Container / Presentational Pattern (implemented with function components + hooks)

Everything else is either neutral, UI-only, or fights POSD (Singleton, Mixin, etc.).

Patterns from that page you should treat skeptically for POSD

From Patterns.dev, for your POSD-style codebase I’d avoid or downplay:

Singleton Pattern → encourages global state and tight coupling. Patterns

Mixin Pattern → tends to increase interface surface and make dependencies opaque. Patterns

Observer Pattern → powerful, but event-based wiring can obscure data flow and increase “system complexity” (classic POSD warning). Patterns

neogodless 3 days ago|
What does POSD stand for?
jakubmazanec 3 days ago|||
I'm assuming John Ousterhout's book A Philosophy of Software Design [1], which I would recommend reading before reading about design patterns, because it's more fundamental.

[1] https://news.ycombinator.com/item?id=37975558

culi 3 days ago|||
I'm assuming Philosophy of Software Design but I've never seen anyone blatantly presume it's an implicit initialism
fiddlerwoaroof 3 days ago|
I wish people would stop promoting the singleton pattern: in almost every case I’ve seen, singletons are unnecessary tech debt and solve a problem that’s better solved with some form of dependency injection (and I don’t mean the XML/YAML monstrosities various frameworks force on you but rather constructor arguments or factory functions)
HumanOstrich 3 days ago||
The site is not "promoting" the singleton pattern. In fact, there is a "Tradeoffs"[1] section that calls it an anti-pattern in JavaScript.

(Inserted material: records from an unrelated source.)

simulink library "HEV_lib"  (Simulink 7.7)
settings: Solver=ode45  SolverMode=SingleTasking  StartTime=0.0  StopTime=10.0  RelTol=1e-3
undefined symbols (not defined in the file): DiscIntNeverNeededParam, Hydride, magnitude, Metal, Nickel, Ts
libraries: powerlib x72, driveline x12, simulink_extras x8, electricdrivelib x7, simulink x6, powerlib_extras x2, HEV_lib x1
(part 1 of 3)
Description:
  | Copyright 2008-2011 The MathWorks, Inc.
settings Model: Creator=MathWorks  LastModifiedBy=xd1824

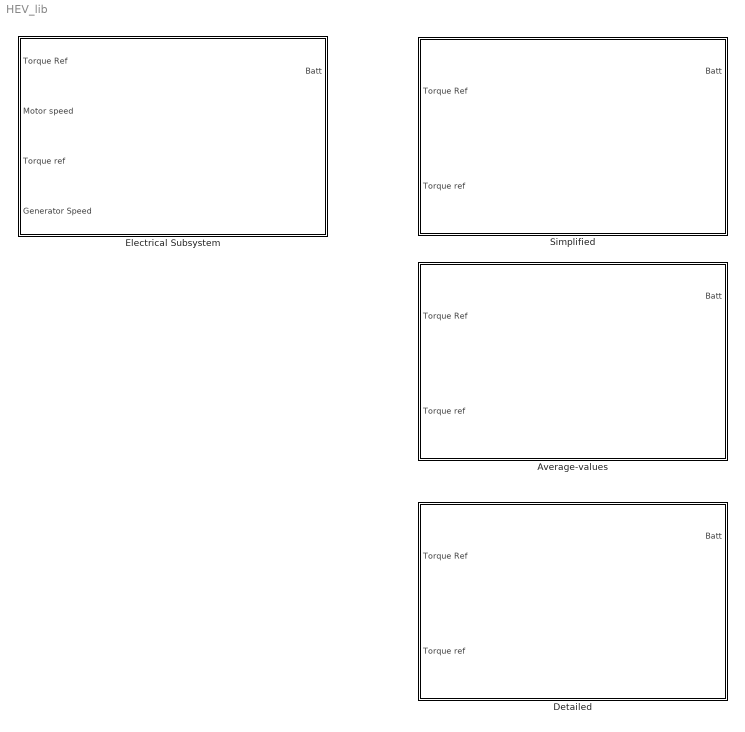
== system HEV_lib ==
  Average-values : Subsystem
      mask Display: image(imread('power_HEV_powertrain_electrical2.png'))
  Detailed : Subsystem
      mask Display: image(imread('power_HEV_powertrain_electrical2.png'))
  Electrical Subsystem : Subsystem  BlockChoice=Simplified
      settings: TemplateBlock=self  MemberBlocks=Average-values,Detailed,Simplified
      mask Display: image(imread('power_HEV_powertrain_electrical2.png'))
  Simplified : Subsystem
      mask Display: image(imread('power_HEV_powertrain_electrical2.png'))

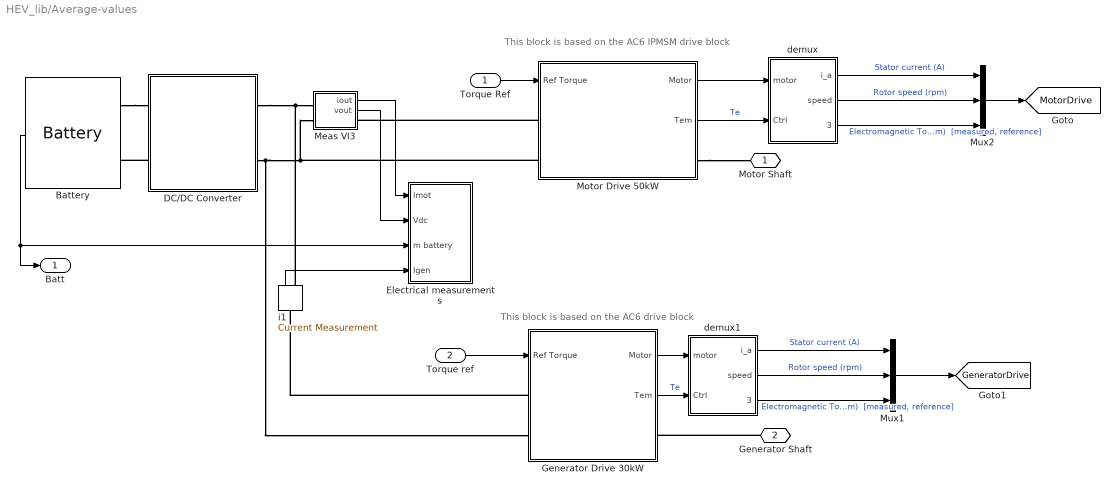
== system HEV_lib/Average-values ==
  note: This block is based on the
      | AC6 IPMSM drive block
  note: This block is based on the AC6
      | drive block
  Torque Ref : Inport
  Torque ref : Inport  Port=2
  Battery : electricdrivelib/Extra Sources/Battery  SystemSampleTime=-1  BatType=Nickel-Metal-Hydride  ShowDetailedParameters=off  NomV=200  NomQ=6.5  SOC=100  PresetModel=on  MaxQ=7  FullV=235.5932  Dis_rate=1.3  R=0.30769  Normal_OP=6.25  expZone="[216.9492           1.3]"  Dis_Char=off  current=[50 100]  Units=Time  Batt_Tr=30
  DC/DC Converter : Subsystem
      mask init:
      | [X1,X1m,X2,X2m,X3,X4,Y1,Y1m,Y2,Y2m,Y3,Y4,color1,color2]=spsdrivelogo;
      mask Display:
      | patch([X1 X1m],[Y1 Y1m],color1);
      | patch(X3,Y3,color2);
      | plot([X1 X1m X2 X2m X3 X4],[Y1 Y1m Y2 Y2m Y3 Y4]);
  Electrical measurements : Subsystem
  Generator Drive 30kW : Subsystem
      mask Display: image(imread('power_HEV_powertrain_syncgenerator.jpg'))
  Meas VI3 : Subsystem
  Motor Drive 50kW : Subsystem
      mask Display: image(imread('power_HEV_powertrain_syncmotor.jpg'))
  Mux1 : Mux  Inputs=3
  Mux2 : Mux  Inputs=3
  demux : Subsystem
  demux1 : Subsystem
  i1 : powerlib/Measurements/Current Measurement  SystemSampleTime=-1  PhasorSimulation=off  OutputType=Complex  PSBequivalent=0
  Motor Shaft : PMIOPort  Port=1  Side=Right
  Generator Shaft : PMIOPort  Port=2  Side=Right
  Batt : Outport
  tag scope: GeneratorDrive=global, MotorDrive=global
  wires:
  i1/1 -> Electrical measurements/4(Igen)
  Meas VI3/2(vout) -> Electrical measurements/2(Vdc)
  Meas VI3/1(iout) -> Electrical measurements/1(Imot)
  Torque ref/1 -> Generator Drive 30kW/1(Ref Torque)
  Battery/1 -> Electrical measurements/3(m battery), Batt/1
  demux1/2(speed) -> Mux1/2  "Rotor speed (rpm)"
  demux1/3(Torque) -> Mux1/3  "Electromagnetic Torque (Nm)  [measured, reference]"
  demux1/1(i_a) -> Mux1/1  "Stator current (A)"
  Generator Drive 30kW/1(Motor) -> demux1/1(motor)
  Torque Ref/1 -> Motor Drive 50kW/1(Ref Torque)
  Motor Drive 50kW/1(Motor) -> demux/1(motor)
  demux/2(speed) -> Mux2/2  "Rotor speed (rpm)"
  demux/3(Torque) -> Mux2/3  "Electromagnetic Torque (Nm)  [measured, reference]"
  demux/1(i_a) -> Mux2/1  "Stator current (A)"
  Mux2/1 -> [MotorDrive]
  Mux1/1 -> [GeneratorDrive]
  Motor Drive 50kW/2(Tem) -> demux/2(Ctrl)  "Te"
  Generator Drive 30kW/2(Tem) -> demux1/2(Ctrl)  "Te"
  connections:
  DC/DC Converter/LConn2 -- Battery/LConn2
  Battery/LConn1 -- DC/DC Converter/LConn1
  Generator Shaft/RConn1 -- Generator Drive 30kW/RConn1
  Motor Drive 50kW/LConn1 -- Meas VI3/RConn1
  DC/DC Converter/RConn1 -- Meas VI3/LConn1 -- i1/RConn1
  Generator Drive 30kW/LConn1 -- i1/LConn1
  DC/DC Converter/RConn2 -- Generator Drive 30kW/LConn2 -- Motor Drive 50kW/LConn2 -- Meas VI3/LConn2
  Motor Drive 50kW/RConn1 -- Motor Shaft/RConn1

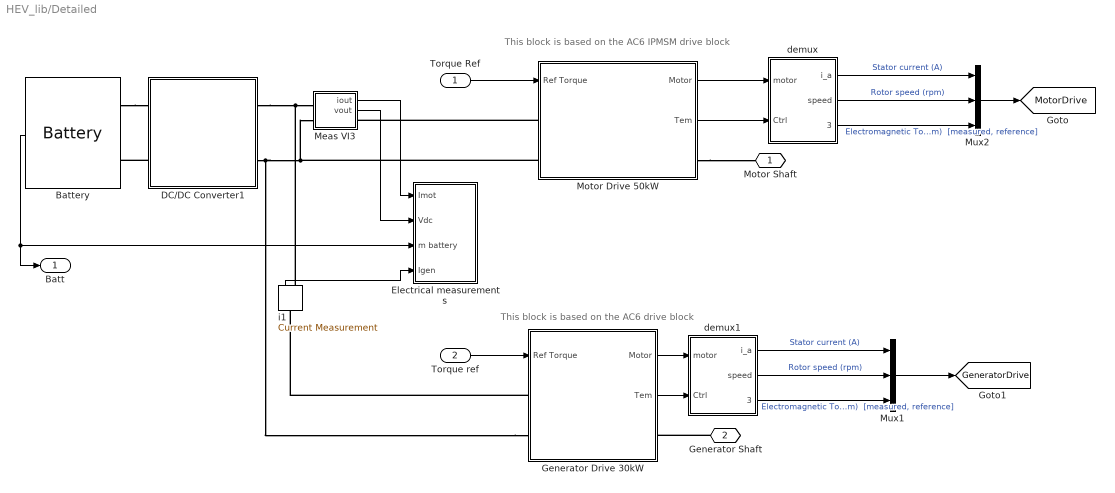
== system HEV_lib/Detailed ==
  note: This block is based on the AC6
      | drive block
  note: This block is based on the
      | AC6 IPMSM drive block
  Torque Ref : Inport
  Torque ref : Inport  Port=2
  Battery : electricdrivelib/Extra Sources/Battery  SystemSampleTime=-1  BatType=Nickel-Metal-Hydride  ShowDetailedParameters=off  NomV=200  NomQ=6.5  SOC=100  PresetModel=on  MaxQ=7  FullV=235.5932  Dis_rate=1.3  R=0.30769  Normal_OP=6.25  expZone="[216.9492           1.3]"  Dis_Char=off  current=[50 100]  Units=Time  Batt_Tr=30
  DC/DC Converter1 : Subsystem
      mask init:
      | [X1,X1m,X2,X2m,X3,X4,Y1,Y1m,Y2,Y2m,Y3,Y4,color1,color2]=spsdrivelogo;
      mask Display:
      | patch([X1 X1m],[Y1 Y1m],color1);
      | patch(X3,Y3,color2);
      | plot([X1 X1m X2 X2m X3 X4],[Y1 Y1m Y2 Y2m Y3 Y4]);
  Electrical measurements : Subsystem
  Generator Drive 30kW : Subsystem
      mask Display: image(imread('power_HEV_powertrain_syncgenerator.jpg'))
  Meas VI3 : Subsystem
  Motor Drive 50kW : Subsystem
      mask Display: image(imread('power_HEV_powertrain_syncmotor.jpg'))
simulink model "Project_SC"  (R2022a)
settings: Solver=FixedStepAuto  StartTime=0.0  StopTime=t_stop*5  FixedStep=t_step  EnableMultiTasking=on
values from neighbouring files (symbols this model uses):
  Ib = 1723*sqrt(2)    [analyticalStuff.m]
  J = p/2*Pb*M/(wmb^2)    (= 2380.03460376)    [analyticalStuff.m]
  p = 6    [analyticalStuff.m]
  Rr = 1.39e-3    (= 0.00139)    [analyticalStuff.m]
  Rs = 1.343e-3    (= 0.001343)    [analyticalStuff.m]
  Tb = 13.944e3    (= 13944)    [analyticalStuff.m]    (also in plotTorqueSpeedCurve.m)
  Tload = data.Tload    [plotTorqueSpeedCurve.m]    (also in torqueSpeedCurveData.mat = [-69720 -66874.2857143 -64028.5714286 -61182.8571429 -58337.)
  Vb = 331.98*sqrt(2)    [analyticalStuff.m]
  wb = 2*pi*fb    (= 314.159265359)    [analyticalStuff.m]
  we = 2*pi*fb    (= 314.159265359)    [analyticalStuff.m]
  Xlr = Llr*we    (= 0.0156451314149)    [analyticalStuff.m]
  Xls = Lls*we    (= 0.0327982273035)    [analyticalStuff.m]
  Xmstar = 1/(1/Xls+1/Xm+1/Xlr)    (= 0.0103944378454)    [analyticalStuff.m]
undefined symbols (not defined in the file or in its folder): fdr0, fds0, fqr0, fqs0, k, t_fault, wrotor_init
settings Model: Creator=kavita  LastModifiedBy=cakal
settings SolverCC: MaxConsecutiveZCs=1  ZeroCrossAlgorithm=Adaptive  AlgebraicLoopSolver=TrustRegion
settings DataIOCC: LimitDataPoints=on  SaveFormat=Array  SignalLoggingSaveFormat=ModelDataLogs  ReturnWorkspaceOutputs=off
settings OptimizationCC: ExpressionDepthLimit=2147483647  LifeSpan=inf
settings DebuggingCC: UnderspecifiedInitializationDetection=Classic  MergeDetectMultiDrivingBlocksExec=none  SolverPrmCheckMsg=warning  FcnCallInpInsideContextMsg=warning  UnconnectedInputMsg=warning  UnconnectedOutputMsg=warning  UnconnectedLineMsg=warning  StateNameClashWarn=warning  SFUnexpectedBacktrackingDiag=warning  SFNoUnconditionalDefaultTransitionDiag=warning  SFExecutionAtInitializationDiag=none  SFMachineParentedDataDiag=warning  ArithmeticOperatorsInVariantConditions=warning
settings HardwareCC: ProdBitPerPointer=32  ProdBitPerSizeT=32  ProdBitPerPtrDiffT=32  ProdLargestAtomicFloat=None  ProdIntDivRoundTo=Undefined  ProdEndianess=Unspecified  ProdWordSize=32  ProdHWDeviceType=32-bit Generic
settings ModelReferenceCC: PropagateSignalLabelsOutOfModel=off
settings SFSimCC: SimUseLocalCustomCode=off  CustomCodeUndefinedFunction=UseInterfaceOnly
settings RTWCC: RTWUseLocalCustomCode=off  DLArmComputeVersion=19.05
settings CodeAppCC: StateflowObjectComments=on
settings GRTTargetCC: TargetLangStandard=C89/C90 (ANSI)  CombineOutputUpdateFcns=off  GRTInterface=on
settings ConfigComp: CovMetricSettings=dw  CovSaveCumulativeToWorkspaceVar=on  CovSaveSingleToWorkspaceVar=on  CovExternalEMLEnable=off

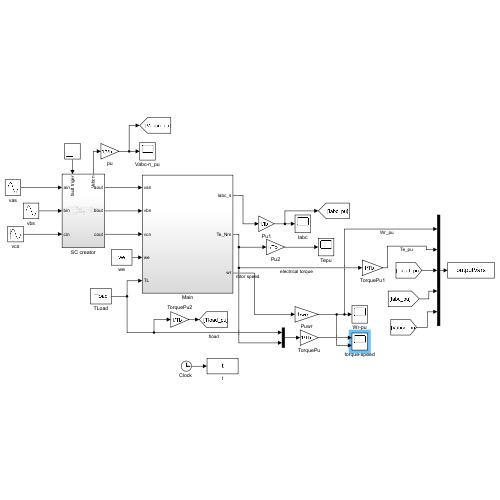
[thumbnail: Simulink's stored preview of the top-level diagram]
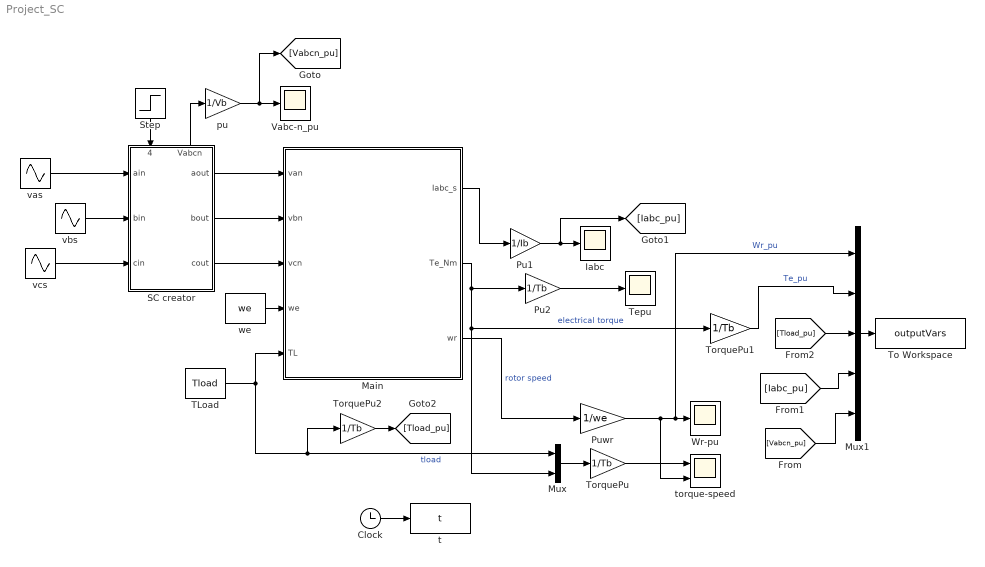
== system Project_SC ==
  "Clock " : Clock
  Iabc : Scope
  Main : Subsystem
  Mux : Mux  Inputs=2
  Mux1 : Mux  Inputs=5
  Pu1 : Gain  Gain=1/Ib
  Pu2 : Gain  Gain=1/Tb
  Puwr : Gain  Gain=1/we
  SC creator : Subsystem
      settings: PortSchema="{\"entries\":[{\"content\":{\"sides\":[{\"content\":{\"connectorIds\":[\"In1\",\"In2\",\"In3\"]},\"type\":\"ConnectorPlacement.EquallySpacedRectSide\",\"uuid\":\"9ddc0e81-d44d-497f-b86e-b421830f0102\"},{\"content\":{\"connectorIds\":[\"Out1\",\"Out2\",\"Out3\"],\"side\":\"RIGHT\"},\"type\":\"ConnectorPlacement.EquallySpacedRectSide\",\"uuid\":\"d203c1c5-ccdb-4337-8271-1be315a7d96e\"},{\"content\":{\"connectorIds\":[\"In4\",\"Out4\"],\"side\":\"TOP\"},\"type\":\"ConnectorPlacement.EquallySpacedRectSide\",\"uuid\":\"609a5643-1468-4543-bdb3-49e5cec14945\"}]},\"type\":\"ConnectorPlacement.EquallySpacedConnector\",\"uuid\":\"82ca2887-6272-42bf-b30c-e93039d72f15\"}],\"packageUris\":[\"http://schema.mathworks.com/mf0/Connector/R2020b\"],\"version\":\"1.0\"}"
  Step : Step  Time=t_fault(k)*0+2.5+1/50*90/360  Before=-1  SampleTime=0
  TLoad : Constant  Value=Tload
  Tepu : Scope
  To Workspace : ToWorkspace  VariableName=outputVars  SampleTime=-1
  TorquePu : Gain  Gain=1/Tb
  TorquePu1 : Gain  Gain=1/Tb
  TorquePu2 : Gain  Gain=1/Tb
  Vabc-n_pu : Scope
  Wr-pu : Scope
  pu : Gain  Gain=1/Vb
  t : ToWorkspace  VariableName=t  SampleTime=-1
  torque-speed : Scope  NumInputPorts=2
  vas : Sin  Amplitude=Vb  Frequency=wb  Phase=pi/2  SampleTime=0
  vbs : Sin  Amplitude=Vb  Frequency=wb  Phase=-120*pi/180+pi/2  SampleTime=0
  vcs : Sin  Amplitude=Vb  Frequency=wb  Phase=-240*pi/180+pi/2  SampleTime=0
  we : Constant  Value=we
  wires:
  we/1 -> Main/4(we)
  Main/2(Te_Nm) -> Pu2/1, TorquePu1/1, Mux/2  "electrical torque"
  Main/3(wr) -> Puwr/1  "rotor speed"
  "Clock "/1 -> t/1
  Mux/1 -> TorquePu/1
  TLoad/1 -> TorquePu2/1, Mux/1, Main/5(TL)  "tload"
  Main/1(Iabc_s) -> Pu1/1
  Pu1/1 -> [Iabc_pu], Iabc/1
  Pu2/1 -> Tepu/1
  Mux1/1 -> To Workspace/1
  Puwr/1 -> Mux1/1, Wr-pu/1, torque-speed/2  "Wr_pu"
  TorquePu1/1 -> Mux1/2  "Te_pu"
  vas/1 -> SC creator/1(ain)
  vbs/1 -> SC creator/2(bin)
  vcs/1 -> SC creator/3(cin)
  SC creator/1(aout) -> Main/1(van)
  SC creator/2(bout) -> Main/2(vbn)
  SC creator/3(cout) -> Main/3(vcn)
  Step/1 -> SC creator/4(fault triger)
  SC creator/4(Vabcn) -> pu/1
  pu/1 -> [Vabcn_pu], Vabc-n_pu/1
  [Vabcn_pu] -> Mux1/5
  [Iabc_pu] -> Mux1/4
  TorquePu/1 -> torque-speed/1
  [Tload_pu] -> Mux1/3
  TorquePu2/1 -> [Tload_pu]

In spite of that, there are plenty of reasonable use cases for singletons in many languages, including JavaScript. For example, ES Modules are effectively singletons. If you import the same module in multiple places, it only gets evaluated once.

Let's not turn the singleton pattern into forbidden knowledge.

[1]: https://www.patterns.dev/vanilla/singleton-pattern/#tradeoff...

deaux 3 days ago|||
Why pose DI as replacing singletons when they're used together all the time? Injecting dependencies to create a singleton repository or service class, which is shared across requests.
dkersten 3 days ago|||
Singletons are globals and should be treated the same as every other global (that is, used sparingly and with care).

Worse is that singletons enfurece a single instance which is almost always unnecessary. It’s trivial to only create as many instances as you need.

hokumguru 3 days ago|||
Off the top of my head, rails (currentattributes), Laravel (facades) especially, and most iOS apps use singletons quite well. It’s all in moderation and depends highly on how it’s used, much like every other design pattern.

I think people just don’t like Singletons because they’ve been especially misused in the past but I guarantee the same argument stands for any other design pattern.

gm678 3 days ago||
Yes, I have to admit my interest was piqued by the banner, and I then scrolled down, saw the first example was singletons, and closed the tab.